Norwegian oil and gas company OKEA has submitted an NOK6.3bn ($571m) plan to develop its Bestla oil and gas discovery, previously known as the Brasse field, in the Norwegian North Sea.

Bestla was discovered in 2016 and was appraised by five wells between 2017 and 2019.

The field holds around 24 million barrels of oil equivalent (MMboe) in recoverable reserves.

It will be developed with a two-well subsea tie-back to the Brage platform located 13km, which will serve as the host facility for production, processing, and export.

Bestla is anticipated to start production in the first half of 2027, with gross output peaking at 26,000 barrels of oil equivalent per day (boed), said the Norwegian oil and gas company.

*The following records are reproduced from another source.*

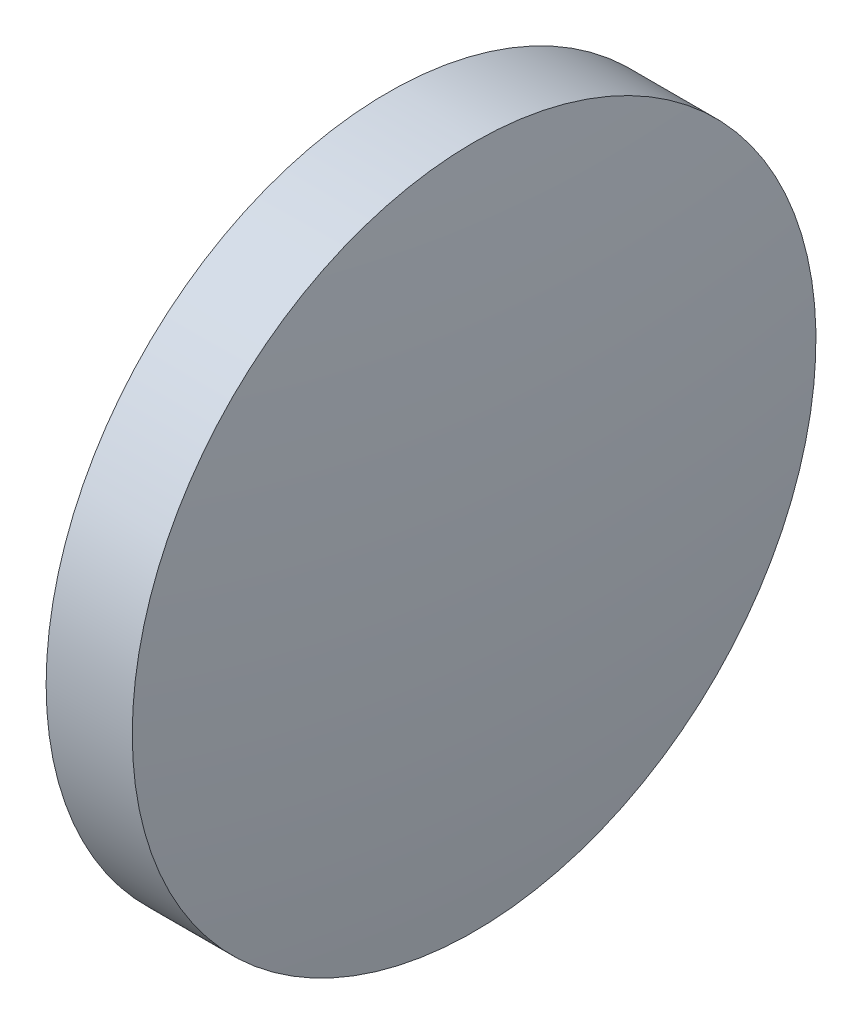
SolidWorks part; units mm, degrees
ref_plane "前视基准面" through (0, 0, 0) normal (0, 0, 1) x (1, 0, 0)
ref_plane "上视基准面" through (0, 0, 0) normal (0, 1, 0) x (1, 0, 0)
ref_plane "右视基准面" through (0, 0, 0) normal (1, 0, 0) x (0, 0, -1)
sketch "草图1" plane through (0, 0, 0) normal (0, 0, 1) x (1, 0, 0)
  line L0 (208.2754, 4.5067) -> (217.6734, 4.5067) construction
  line L1 (211.1445, 4.5067) -> (211.1445, 10.8567)
  line L2 (213.1445, 4.5067) -> (211.1445, 4.5067)
  line L5 (211.1445, 10.8567) -> (212.7445, 10.8567)
  arc A0 (213.1445, 4.5067) -> (212.7445, 10.8567) centre (162.5414, 4.5067) ccw
revolve "旋转1" add sketch "草图1" angle 360 about L0

Norwegian oil and gas firms DNO and OKEA each hold a 39.28% stake in Bestla, alongside other partners Lime Petroleum with a 17% stake and M Vest Energy with 4.42%.

All four companies are partners in the Brage field, which is also operated by OKEA.

Earlier this year, OKEA, DNO and other partners made a final investment decision for the development of the Brasse field, based on a tie-back to the Brage field production facilities.

In the long term, Bestla will extend the commercial viability of the Brage facilities, allowing operators to obtain more oil and gas out of Brage, DNO said earlier this month.

Norway is the largest oil and gas producer in Western Europe and wants oil companies to continue developing new petroleum resources on its continental shelf.

Norway Minister of Energy Terje Aasland said: “It is impressive to see how the company has managed to find good solutions to establish a profitable development of Bestla.

“These are valuable additional resources also for the host field Brage, and the development will contribute great value to the community.

“The world needs oil and gas for many years to come and therefore it is important that the companies continue to develop new projects and contribute to laying the foundations for long-term petroleum activity on the continental shelf.”